How C. elegans contributed to the decoding of the human genome
Eight days ago, the 31st March 2022 Telomere-to-Telomere (T2T) Consortium announced their success in sequencing the entire human genome disclosing the remaining 8% that scientists have been trying to unveil since the big milestone in 2003 when the 92% of it was successfully mapped and sequenced.
But how did this journey begin?
When in 1900 the French zoologist Émile Maupas discovered the nematode Caenorhabditis elegans, he certainly could not imagine that the microscopic worm he has just described will be key in the future of human genome research.
Sixty-three years later, the South-African biologist Sydney Brenner expressed his interest in C. elegans and started his research in Cambridge exploring the molecular and developmental biology of this nematode, which lead to his groundbreaking proposal of C. elegans as a suitable model organism for the study of neural development in animals (Brenner, 1974).
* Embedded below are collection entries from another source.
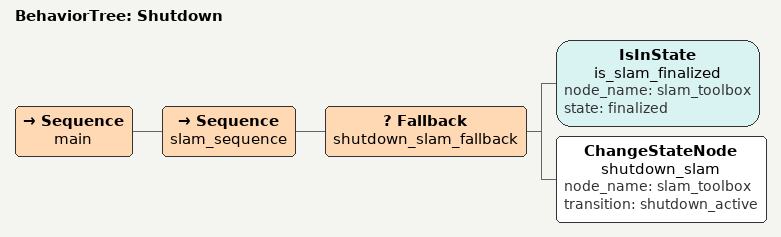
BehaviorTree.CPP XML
<root BTCPP_format="4">
    <BehaviorTree ID="Shutdown">
        <Sequence name="main">

        <Sequence name="slam_sequence">
            <Fallback name="shutdown_slam_fallback">
                <IsInState
                    name="is_slam_finalized"
                    node_name="slam_toolbox"
                    state="finalized"
                />
                <ChangeStateNode
                    name="shutdown_slam"
                    node_name="slam_toolbox"
                    transition="shutdown_active"
                />
            </Fallback>
        </Sequence>

        </Sequence>
    </BehaviorTree>
</root>
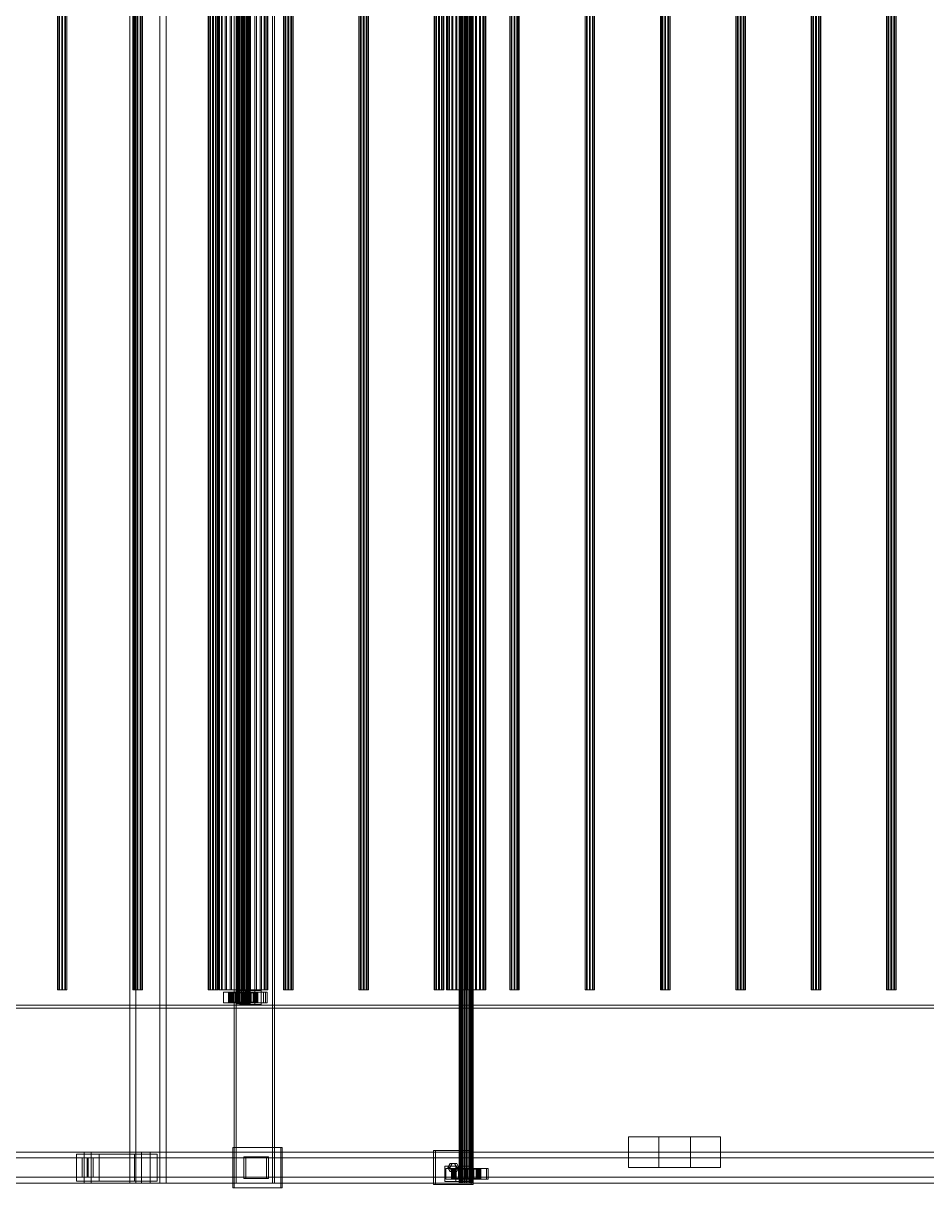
# Model space of a CAD drawing. Header units: millimetres. Extents: x -1970 to 59977, y -65068 to 6837.
# Drawn here: x 33212 to 34380, y -19506 to -18000 of the extents above; entities that cross this region are included whole.
import ezdxf

# ---------------------------------------------------------------- set-up
doc = ezdxf.new("R2010")
doc.units = ezdxf.units.MM
doc.layers.add('superior_C03', color=7, linetype='Continuous', lineweight=0)

msp = doc.modelspace()

# ---------------------------------------------------------------- linework, layer by layer
at = {"layer": 'superior_C03'}
for p, q in [((33349.662, -16500), (33349.662, -19500)), ((33357.522, -19500), (33357.522, -16500)), ((33388.64, -19500), (33388.64, -16500)), ((33396.5, -16500), (33396.5, -19500)), ((33484.533, -16500), (33484.533, -19500)), ((33487.228, -19500), (33487.228, -16500)), ((33534.036, -19500), (33534.036, -16500)), ((33536.731, -16500), (33536.731, -19500)), ((33775.435, -19500), (33775.435, -16500)), ((33775.659, -19500), (33775.659, -16500)), ((33775.823, -19500), (33775.823, -16500)), ((33776.481, -19500), (33776.481, -16500)), ((33776.798, -19500), (33776.798, -16500)), ((33777.845, -19500), (33777.845, -16500)), ((33778.294, -19500), (33778.294, -16500)), ((33779.657, -19500), (33779.657, -16500)), ((33780.207, -19500), (33780.207, -16500)), ((33781.794, -19500), (33781.794, -16500)), ((33782.408, -19500), (33782.408, -16500)), ((33784.111, -19500), (33784.111, -16500)), ((33784.747, -19500), (33784.747, -16500)), ((33786.45, -19500), (33786.45, -16500)), ((33787.064, -19500), (33787.064, -16500)), ((33788.651, -19500), (33788.651, -16500)), ((33789.201, -19500), (33789.201, -16500)), ((33790.565, -19500), (33790.565, -16500)), ((33791.014, -19500), (33791.014, -16500)), ((33792.06, -19500), (33792.06, -16500)), ((33792.377, -19500), (33792.377, -16500)), ((33793.035, -19500), (33793.035, -16500)), ((33793.199, -16500), (33793.199, -19500)), ((33793.423, -19500), (33793.423, -16500)), ((33487.265, -19268), (33487.265, -16732)), ((33487.489, -19268), (33487.489, -16732)), ((33487.653, -19268), (33487.653, -16732)), ((33488.311, -19268), (33488.311, -16732)), ((33488.628, -19268), (33488.628, -16732)), ((33489.674, -19268), (33489.674, -16732)), ((33490.124, -19268), (33490.124, -16732)), ((33491.487, -19268), (33491.487, -16732)), ((33492.037, -19268), (33492.037, -16732)), ((33493.624, -19268), (33493.624, -16732)), ((33494.238, -19268), (33494.238, -16732)), ((33495.941, -19268), (33495.941, -16732)), ((33496.577, -19268), (33496.577, -16732)), ((33498.28, -19268), (33498.28, -16732)), ((33498.894, -19268), (33498.894, -16732)), ((33500.481, -19268), (33500.481, -16732)), ((33501.031, -19268), (33501.031, -16732)), ((33502.394, -19268), (33502.394, -16732)), ((33502.844, -19268), (33502.844, -16732)), ((33503.89, -19268), (33503.89, -16732)), ((33504.207, -19268), (33504.207, -16732)), ((33504.865, -19268), (33504.865, -16732)), ((33505.029, -16732), (33505.029, -19268)), ((33505.253, -19268), (33505.253, -16732)), ((33255.986, -16750), (33255.986, -19250)), ((33256.33, -16750), (33256.33, -19250)), ((33258.006, -16750), (33258.006, -19250)), ((33258.906, -16750), (33258.906, -19250)), ((33261.618, -16750), (33261.618, -19250)), ((33262.73, -16750), (33262.73, -19250)), ((33265.442, -16750), (33265.442, -19250)), ((33266.342, -16750), (33266.342, -19250)), ((33268.018, -16750), (33268.018, -19250)), ((33268.362, -19250), (33268.362, -16750)), ((33353.432, -16750), (33353.432, -19250)), ((33353.775, -16750), (33353.775, -19250)), ((33355.452, -16750), (33355.452, -19250)), ((33356.351, -16750), (33356.351, -19250)), ((33359.064, -16750), (33359.064, -19250)), ((33360.176, -16750), (33360.176, -19250)), ((33362.888, -16750), (33362.888, -19250)), ((33363.788, -16750), (33363.788, -19250)), ((33365.464, -16750), (33365.464, -19250)), ((33365.807, -19250), (33365.807, -16750)), ((33450.878, -16750), (33450.878, -19250)), ((33451.221, -16750), (33451.221, -19250)), ((33452.898, -16750), (33452.898, -19250)), ((33453.797, -16750), (33453.797, -19250)), ((33456.509, -16750), (33456.509, -19250)), ((33457.621, -16750), (33457.621, -19250)), ((33460.334, -16750), (33460.334, -19250)), ((33461.233, -16750), (33461.233, -19250)), ((33462.91, -16750), (33462.91, -19250)), ((33463.253, -19250), (33463.253, -16750)), ((33464.279, -19250), (33464.279, -16750)), ((33465.076, -19250), (33465.076, -16750)), ((33465.661, -19250), (33465.661, -16750)), ((33467.999, -19250), (33467.999, -16750)), ((33469.128, -19250), (33469.128, -16750)), ((33472.847, -19250), (33472.847, -16750)), ((33474.444, -19250), (33474.444, -16750)), ((33479.291, -19250), (33479.291, -16750)), ((33481.247, -19250), (33481.247, -16750)), ((33486.891, -19250), (33486.891, -16750)), ((33489.073, -19250), (33489.073, -16750)), ((33495.13, -19250), (33495.13, -16750)), ((33497.388, -19250), (33497.388, -16750)), ((33503.445, -19250), (33503.445, -16750)), ((33505.627, -19250), (33505.627, -16750)), ((33511.271, -19250), (33511.271, -16750)), ((33513.227, -19250), (33513.227, -16750)), ((33518.074, -19250), (33518.074, -16750)), ((33519.671, -19250), (33519.671, -16750)), ((33523.39, -19250), (33523.39, -16750)), ((33524.519, -19250), (33524.519, -16750)), ((33526.857, -19250), (33526.857, -16750)), ((33527.442, -16750), (33527.442, -19250)), ((33528.239, -19250), (33528.239, -16750)), ((33548.323, -16750), (33548.323, -19250)), ((33548.667, -16750), (33548.667, -19250)), ((33550.343, -16750), (33550.343, -19250)), ((33551.243, -16750), (33551.243, -19250)), ((33553.955, -16750), (33553.955, -19250)), ((33555.067, -16750), (33555.067, -19250)), ((33557.779, -16750), (33557.779, -19250)), ((33558.679, -16750), (33558.679, -19250)), ((33560.355, -16750), (33560.355, -19250)), ((33560.699, -19250), (33560.699, -16750)), ((33645.769, -16750), (33645.769, -19250)), ((33646.112, -16750), (33646.112, -19250)), ((33647.789, -16750), (33647.789, -19250)), ((33648.688, -16750), (33648.688, -19250)), ((33651.401, -16750), (33651.401, -19250)), ((33652.513, -16750), (33652.513, -19250)), ((33655.225, -16750), (33655.225, -19250)), ((33656.124, -16750), (33656.124, -19250)), ((33657.801, -16750), (33657.801, -19250)), ((33658.144, -19250), (33658.144, -16750)), ((33743.214, -16750), (33743.214, -19250)), ((33743.558, -16750), (33743.558, -19250)), ((33745.234, -16750), (33745.234, -19250)), ((33746.134, -16750), (33746.134, -19250)), ((33748.846, -16750), (33748.846, -19250)), ((33749.958, -16750), (33749.958, -19250)), ((33752.671, -16750), (33752.671, -19250)), ((33753.57, -16750), (33753.57, -19250)), ((33755.247, -16750), (33755.247, -19250)), ((33755.59, -19250), (33755.59, -16750)), ((33759.045, -19250), (33759.045, -16750)), ((33759.678, -19250), (33759.678, -16750)), ((33760.142, -19250), (33760.142, -16750)), ((33761.998, -19250), (33761.998, -16750)), ((33762.894, -19250), (33762.894, -16750)), ((33765.846, -19250), (33765.846, -16750)), ((33767.113, -19250), (33767.113, -16750)), ((33770.961, -19250), (33770.961, -16750)), ((33772.513, -19250), (33772.513, -16750)), ((33776.993, -19250), (33776.993, -16750)), ((33778.725, -19250), (33778.725, -16750)), ((33783.533, -19250), (33783.533, -16750)), ((33785.325, -19250), (33785.325, -16750)), ((33790.133, -19250), (33790.133, -16750)), ((33791.865, -19250), (33791.865, -16750)), ((33796.345, -19250), (33796.345, -16750)), ((33797.897, -19250), (33797.897, -16750)), ((33801.745, -19250), (33801.745, -16750)), ((33803.012, -19250), (33803.012, -16750)), ((33805.964, -19250), (33805.964, -16750)), ((33806.861, -19250), (33806.861, -16750)), ((33808.716, -19250), (33808.716, -16750)), ((33809.18, -16750), (33809.18, -19250)), ((33809.813, -19250), (33809.813, -16750)), ((33840.66, -16750), (33840.66, -19250)), ((33841.004, -16750), (33841.004, -19250)), ((33842.68, -16750), (33842.68, -19250)), ((33843.58, -16750), (33843.58, -19250)), ((33846.292, -16750), (33846.292, -19250)), ((33847.404, -16750), (33847.404, -19250)), ((33850.116, -16750), (33850.116, -19250)), ((33851.016, -16750), (33851.016, -19250)), ((33852.692, -16750), (33852.692, -19250)), ((33853.036, -19250), (33853.036, -16750)), ((33938.106, -16750), (33938.106, -19250)), ((33938.449, -16750), (33938.449, -19250)), ((33940.126, -16750), (33940.126, -19250)), ((33941.025, -16750), (33941.025, -19250)), ((33943.738, -16750), (33943.738, -19250)), ((33944.849, -16750), (33944.849, -19250)), ((33947.562, -16750), (33947.562, -19250)), ((33948.461, -16750), (33948.461, -19250)), ((33950.138, -16750), (33950.138, -19250)), ((33950.481, -19250), (33950.481, -16750)), ((34035.551, -16750), (34035.551, -19250)), ((34035.895, -16750), (34035.895, -19250)), ((34037.571, -16750), (34037.571, -19250)), ((34038.471, -16750), (34038.471, -19250)), ((34041.183, -16750), (34041.183, -19250)), ((34042.295, -16750), (34042.295, -19250)), ((34045.008, -16750), (34045.008, -19250)), ((34045.907, -16750), (34045.907, -19250)), ((34047.583, -16750), (34047.583, -19250)), ((34047.927, -19250), (34047.927, -16750)), ((34132.997, -16750), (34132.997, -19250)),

It was there, in Cambridge, where Dr. Brenner met Sir John Edward Sulston, a British biologist with whom will later win the Nobel Prize in Physiology or Medicine in 2002 along with Dr. Robert Horvitz.
The interest of Dr. Sulston in this particular nematode was fueled by Dr. Brenner and soon encouraged him to start the C. elegans Genome Project with Dr. Bob Waterston during the 1980s. After more than a decade, Dr. Sulston and their team cultimanted their research in 1998 achieving to complete the sequencing of the genome of C. elegans, becoming the first animal genome sequenced in history.
This was the beginning. While C. elegans were already used as a suitable model organism in research thanks to Dr. Brenner, the work of Dr. Sulston and Dr. Waterston provided an incalculable referent in terms of genome mapping and sequencing technologies for the Human Genome Project, thus anticipating its first milestone reached in 2003, when the 92% of the human genome was successfully unveiled.